◆ Items listed in a dataset
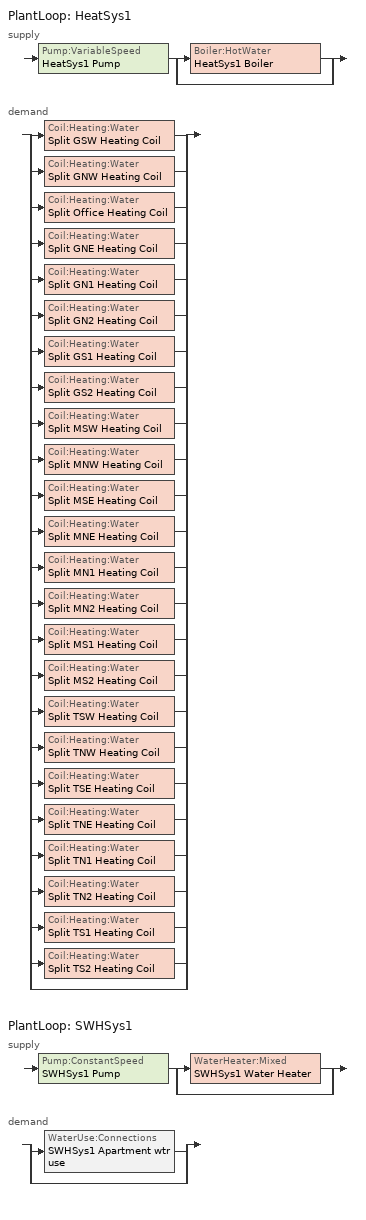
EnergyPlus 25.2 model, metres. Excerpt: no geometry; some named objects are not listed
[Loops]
PlantLoop 'HeatSys1'
 supply: Pump:VariableSpeed 'HeatSys1 Pump' > split
  | Boiler:HotWater 'HeatSys1 Boiler'
  | bypass
 demand: split
  | Coil:Heating:Water 'Split GSW Heating Coil'
  | Coil:Heating:Water 'Split GNW Heating Coil'
  | Coil:Heating:Water 'Split Office Heating Coil'
  | Coil:Heating:Water 'Split GNE Heating Coil'
  | Coil:Heating:Water 'Split GN1 Heating Coil'
  | Coil:Heating:Water 'Split GN2 Heating Coil'
  | Coil:Heating:Water 'Split GS1 Heating Coil'
  | Coil:Heating:Water 'Split GS2 Heating Coil'
  | Coil:Heating:Water 'Split MSW Heating Coil'
  | Coil:Heating:Water 'Split MNW Heating Coil'
  | Coil:Heating:Water 'Split MSE Heating Coil'
  | Coil:Heating:Water 'Split MNE Heating Coil'
  | Coil:Heating:Water 'Split MN1 Heating Coil'
  | Coil:Heating:Water 'Split MN2 Heating Coil'
  | Coil:Heating:Water 'Split MS1 Heating Coil'
  | Coil:Heating:Water 'Split MS2 Heating Coil'
  | Coil:Heating:Water 'Split TSW Heating Coil'
  | Coil:Heating:Water 'Split TNW Heating Coil'
  | Coil:Heating:Water 'Split TSE Heating Coil'
  | Coil:Heating:Water 'Split TNE Heating Coil'
  | Coil:Heating:Water 'Split TN1 Heating Coil'
  | Coil:Heating:Water 'Split TN2 Heating Coil'
  | Coil:Heating:Water 'Split TS1 Heating Coil'
  | Coil:Heating:Water 'Split TS2 Heating Coil'
  | bypass
PlantLoop 'SWHSys1'
 supply: Pump:ConstantSpeed 'SWHSys1 Pump' > split
  | WaterHeater:Mixed 'SWHSys1 Water Heater'
  | bypass
 demand: split
  | WaterUse:Connections 'SWHSys1 Apartment wtr use'
  | bypass
[ThermostatSetpoint:SingleHeating]
Name | Setpoint Temperature Schedule
AptHeatingSetPoint | HTGSETP_APT_SCH
OffHeatingSetPoint | HTGSETP_DESIGN_OFF_SCH
[ThermostatSetpoint:SingleCooling]
Name | Setpoint Temperature Schedule
AptCoolingSetPoint | CLGSETP_APT_SCH
OffCoolingSetPoint | CLGSETP_DESIGN_OFF_SCH
[ThermostatSetpoint:DualSetpoint]
Name | Heating Setpoint Temperature Schedule | Cooling Setpoint Temperature Schedule
S Apartment Dual SP Control | S HTGSETP_APT_SCH | S CLGSETP_APT_SCH
N Apartment Dual SP Control | N HTGSETP_APT_SCH | N CLGSETP_APT_SCH
Office Dual SP Control | HTGSETP_OFF_SCH_NO_OPTIMUM | CLGSETP_OFF_SCH_No_Optimum
[Sizing:Plant] Loop Type=Heating
Name | Design Loop Exit Temperature {C} | Loop Design Temperature Difference {deltaC}
HeatSys1 | 82.22 | 27.78
SWHSys1 | 60 | 5
[Pump:VariableSpeed]
HeatSys1 Pump: Design Maximum Flow Rate {m3/s}=AUTOSIZE; Design Pump Head {Pa}=180705.7; Design Power Consumption {W}=AUTOSIZE; Motor Efficiency=0.9; Fraction of Motor Inefficiencies to Fluid Stream=0; Coefficient 1 of the Part Load Performance Curve=0; Coefficient 2 of the Part Load Performance Curve=3.2485; Coefficient 3 of the Part Load Performance Curve=-4.7443; Coefficient 4 of the Part Load Performance Curve=2.5295; Pump Control Type=Intermittent; Design Shaft Power per Unit Flow Rate per Unit Head {W/((m3/s)-Pa)}=1.4999
[Boiler:HotWater]
HeatSys1 Boiler: Fuel Type=NaturalGas; Nominal Capacity {W}=150457; Nominal Thermal Efficiency=0.75; Efficiency Curve Temperature Evaluation Variable=LeavingBoiler; Normalized Boiler Efficiency Curve=HeatSys1 Boiler Efficiency Curve; Design Water Flow Rate {m3/s}=AUTOSIZE; Minimum Part Load Ratio=0; Maximum Part Load Ratio=1.2; Optimum Part Load Ratio=1; Water Outlet Upper Temperature Limit {C}=95; Boiler Flow Mode=LeavingSetpointModulated; On Cycle Parasitic Electric Load {W}=0; Sizing Factor=1
[SetpointManager:Scheduled] Control Variable=Temperature
Name | Schedule | Setpoint Node or NodeList
HeatSys1 Loop Setpoint Manager | HW-Loop-Temp-Schedule | HeatSys1 Supply Outlet Node
HeatSys1 Boiler Setpoint Manager | HW-Loop-Temp-Schedule | HeatSys1 Supply Equipment Outlet Node
SWHSys1 Loop Setpoint Manager | Hot Water Setpoint Temp Schedule | SWHSys1 Supply Outlet Node
[PlantLoop] Minimum Loop Temperature {C}=10; Maximum Loop Flow Rate {m3/s}=AUTOSIZE; Minimum Loop Flow Rate {m3/s}=0; Plant Loop Volume {m3}=AUTOSIZE; Load Distribution Scheme=Optimal
Name | Fluid Type | Plant Equipment Operation Scheme | Maximum Loop Temperature {C}
HeatSys1 | Water | HeatSys1 Loop Operation Scheme List | 100
SWHSys1 | WATER | SWHSys1 Loop Operation Scheme List | 60
[PlantEquipmentList]
HeatSys1 Equipment List: HeatSys1 Boiler
SWHSys1 Equipment List: SWHSys1 Water Heater
[PlantEquipmentOperation:HeatingLoad] Load Range 1 Lower Limit {W}=0; Load Range 1 Upper Limit {W}=1000000000000000
Name | Range 1 Equipment List
HeatSys1 Operation Scheme | HeatSys1 Equipment List
SWHSys1 Operation Scheme | SWHSys1 Equipment List
[PlantEquipmentOperationSchemes]
Name | Control Scheme 1 | Control Scheme 1 Schedule
HeatSys1 Loop Operation Scheme List | HeatSys1 Operation Scheme | PlantOnSched
SWHSys1 Loop Operation Scheme List | SWHSys1 Operation Scheme | All On
[Sizing:Zone] Zone Cooling Design Supply Air Temperature Input Method=SupplyAirTemperature; Zone Cooling Design Supply Air Temperature {C}=12.8889; Zone Heating Design Supply Air Temperature Input Method=SupplyAirTemperature; Zone Heating Design Supply Air Temperature {C}=32.2111; Zone Cooling Design Supply Air Humidity Ratio {kgWater/kgDryAir}=0.008; Zone Heating Design Supply Air Humidity Ratio {kgWater/kgDryAir}=0.008; Cooling Design Air Flow Method=DesignDay; Cooling Design Air Flow Rate {m3/s}=0; Cooling Minimum Air Flow Fraction=0; Heating Design Air Flow Method=DesignDay; Heating Design Air Flow Rate {m3/s}=0; Zone Load Sizing Method=Sensible Load Only No Latent Load; Zone Latent Cooling Design Supply Air Humidity Ratio Input Method=HumidityRatioDifference; Zone Cooling Design Supply Air Humidity Ratio Difference {kgWater/kgDryAir}=0.005; Zone Latent Heating Design Supply Air Humidity Ratio Input Method=HumidityRatioDifference; Zone Humidification Design Supply Air Humidity Ratio Difference {kgWater/kgDryAir}=0.005
Name | Design Specification Outdoor Air Object
G SW Apartment | SZ DSOA G SW Apartment
G NW Apartment | SZ DSOA G NW Apartment
Office | SZ DSOA Office
G NE Apartment | SZ DSOA G NE Apartment
G N1 Apartment | SZ DSOA G N1 Apartment
G N2 Apartment | SZ DSOA G N2 Apartment
G S1 Apartment | SZ DSOA G S1 Apartment
G S2 Apartment | SZ DSOA G S2 Apartment
M SW Apartment | SZ DSOA M SW Apartment
M NW Apartment | SZ DSOA M NW Apartment
M SE Apartment | SZ DSOA M SE Apartment
M NE Apartment | SZ DSOA M NE Apartment
M N1 Apartment | SZ DSOA M N1 Apartment
M N2 Apartment | SZ DSOA M N2 Apartment
M S1 Apartment | SZ DSOA M S1 Apartment
M S2 Apartment | SZ DSOA M S2 Apartment
T SW Apartment | SZ DSOA T SW Apartment
T NW Apartment | SZ DSOA T NW Apartment
T SE Apartment | SZ DSOA T SE Apartment
T NE Apartment | SZ DSOA T NE Apartment
T N1 Apartment | SZ DSOA T N1 Apartment
T N2 Apartment | SZ DSOA T N2 Apartment
T S1 Apartment | SZ DSOA T S1 Apartment
T S2 Apartment | SZ DSOA T S2 Apartment
[DesignSpecification:OutdoorAir] Outdoor Air Method=Flow/Area
Name | Outdoor Air Flow per Zone Floor Area {m3/s-m2}
SZ DSOA G SW Apartment; SZ DSOA G NW Apartment; SZ DSOA G NE Apartment; SZ DSOA G N1 Apartment; SZ DSOA G N2 Apartment; SZ DSOA G S1 Apartment; SZ DSOA G S2 Apartment; SZ DSOA M SW Apartment; SZ DSOA M NW Apartment; SZ DSOA M SE Apartment; SZ DSOA M NE Apartment; SZ DSOA M N1 Apartment; SZ DSOA M N2 Apartment; SZ DSOA M S1 Apartment; SZ DSOA M S2 Apartment; SZ DSOA T SW Apartment; SZ DSOA T NW Apartment; SZ DSOA T SE Apartment; SZ DSOA T NE Apartment; SZ DSOA T N1 Apartment; SZ DSOA T N2 Apartment; SZ DSOA T S1 Apartment; SZ DSOA T S2 Apartment | 0.000294105
SZ DSOA Office | 0.0004318
[ZoneControl:Thermostat] Control Type Schedule=ZONE CONTROL TYPE SCHED
Name | Zone or ZoneList | Control 1 | Control 2 | Control 3
G SW Apartment Thermostat | G SW Apartment | AptCoolingSetPoint | AptHeatingSetPoint | S Apartment Dual SP Control
G NW Apartment Thermostat | G NW Apartment | AptCoolingSetPoint | AptHeatingSetPoint | N Apartment Dual SP Control
Office Thermostat | Office | OffCoolingSetPoint | OffHeatingSetPoint | Office Dual SP Control
G NE Apartment Thermostat | G NE Apartment | AptCoolingSetPoint | AptHeatingSetPoint | N Apartment Dual SP Control
G N1 Apartment Thermostat | G N1 Apartment | AptCoolingSetPoint | AptHeatingSetPoint | N Apartment Dual SP Control
G N2 Apartment Thermostat | G N2 Apartment | AptCoolingSetPoint | AptHeatingSetPoint | N Apartment Dual SP Control
G S1 Apartment Thermostat | G S1 Apartment | AptCoolingSetPoint | AptHeatingSetPoint | S Apartment Dual SP Control
G S2 Apartment Thermostat | G S2 Apartment | AptCoolingSetPoint | AptHeatingSetPoint | S Apartment Dual SP Control
M SW Apartment Thermostat | M SW Apartment | AptCoolingSetPoint | AptHeatingSetPoint | S Apartment Dual SP Control
M NW Apartment Thermostat | M NW Apartment | AptCoolingSetPoint | AptHeatingSetPoint | N Apartment Dual SP Control
M SE Apartment Thermostat | M SE Apartment | AptCoolingSetPoint | AptHeatingSetPoint | S Apartment Dual SP Control
M NE Apartment Thermostat | M NE Apartment | AptCoolingSetPoint | AptHeatingSetPoint | N Apartment Dual SP Control
M N1 Apartment Thermostat | M N1 Apartment | AptCoolingSetPoint | AptHeatingSetPoint | N Apartment Dual SP Control
M N2 Apartment Thermostat | M N2 Apartment | AptCoolingSetPoint | AptHeatingSetPoint | N Apartment Dual SP Control
M S1 Apartment Thermostat | M S1 Apartment | AptCoolingSetPoint | AptHeatingSetPoint | S Apartment Dual SP Control
M S2 Apartment Thermostat | M S2 Apartment | AptCoolingSetPoint | AptHeatingSetPoint | S Apartment Dual SP Control
T SW Apartment Thermostat | T SW Apartment | AptCoolingSetPoint | AptHeatingSetPoint | S Apartment Dual SP Control
T NW Apartment Thermostat | T NW Apartment | AptCoolingSetPoint | AptHeatingSetPoint | N Apartment Dual SP Control
T SE Apartment Thermostat | T SE Apartment | AptCoolingSetPoint | AptHeatingSetPoint | S Apartment Dual SP Control
T NE Apartment Thermostat | T NE Apartment | AptCoolingSetPoint | AptHeatingSetPoint | N Apartment Dual SP Control
T N1 Apartment Thermostat | T N1 Apartment | AptCoolingSetPoint | AptHeatingSetPoint | N Apartment Dual SP Control
T N2 Apartment Thermostat | T N2 Apartment | AptCoolingSetPoint | AptHeatingSetPoint | N Apartment Dual SP Control
T S1 Apartment Thermostat | T S1 Apartment | AptCoolingSetPoint | AptHeatingSetPoint | S Apartment Dual SP Control
T S2 Apartment Thermostat | T S2 Apartment | AptCoolingSetPoint | AptHeatingSetPoint | S Apartment Dual SP Control
[Coil:Cooling:DX:SingleSpeed] Availability Schedule=COMPACT HVAC-ALWAYS 1; Gross Rated Total Cooling Capacity {W}=AUTOSIZE; Gross Rated Sensible Heat Ratio=AUTOSIZE; Gross Rated Cooling COP {W/W}=3.2; Rated Air Flow Rate {m3/s}=AUTOSIZE; Total Cooling Capacity Function of Temperature Curve=PTU_CapFT; Total Cooling Capacity Function of Flow Fraction Curve=PTU_CapFF; Energy Input Ratio Function of Temperature Curve=PTU_EIRFT; Energy Input Ratio Function of Flow Fraction Curve=PTU_EIRFF; Part Load Fraction Correlation Curve=PTU_PLR
Split GSW PTAC Cooling Coil; Split GNW PTAC Cooling Coil; Split Office PTAC Cooling Coil; Split GNE PTAC Cooling Coil; Split GN1 PTAC Cooling Coil; Split GN2 PTAC Cooling Coil; Split GS1 PTAC Cooling Coil; Split GS2 PTAC Cooling Coil; Split MSW PTAC Cooling Coil; Split MNW PTAC Cooling Coil; Split MSE PTAC Cooling Coil; Split MNE PTAC Cooling Coil; Split MN1 PTAC Cooling Coil; Split MN2 PTAC Cooling Coil; Split MS1 PTAC Cooling Coil; Split MS2 PTAC Cooling Coil; Split TSW PTAC Cooling Coil; Split TNW PTAC Cooling Coil; Split TSE PTAC Cooling Coil; Split TNE PTAC Cooling Coil; Split TN1 PTAC Cooling Coil; Split TN2 PTAC Cooling Coil; Split TS1 PTAC Cooling Coil; Split TS2 PTAC Cooling Coil
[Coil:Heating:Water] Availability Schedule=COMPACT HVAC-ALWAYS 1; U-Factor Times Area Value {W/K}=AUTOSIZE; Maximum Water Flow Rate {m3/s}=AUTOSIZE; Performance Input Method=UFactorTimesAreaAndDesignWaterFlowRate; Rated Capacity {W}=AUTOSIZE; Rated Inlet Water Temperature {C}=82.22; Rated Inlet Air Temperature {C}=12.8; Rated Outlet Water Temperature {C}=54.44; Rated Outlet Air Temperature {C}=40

◆ EXERCISE REQUIREMENTS
Read the entries and show each line that mentions "OffHeatingSetPoint".

◆ SOLUTION TO THIS EXERCISE
OffHeatingSetPoint | HTGSETP_DESIGN_OFF_SCH
Office Thermostat | Office | OffCoolingSetPoint | OffHeatingSetPoint | Office Dual SP Control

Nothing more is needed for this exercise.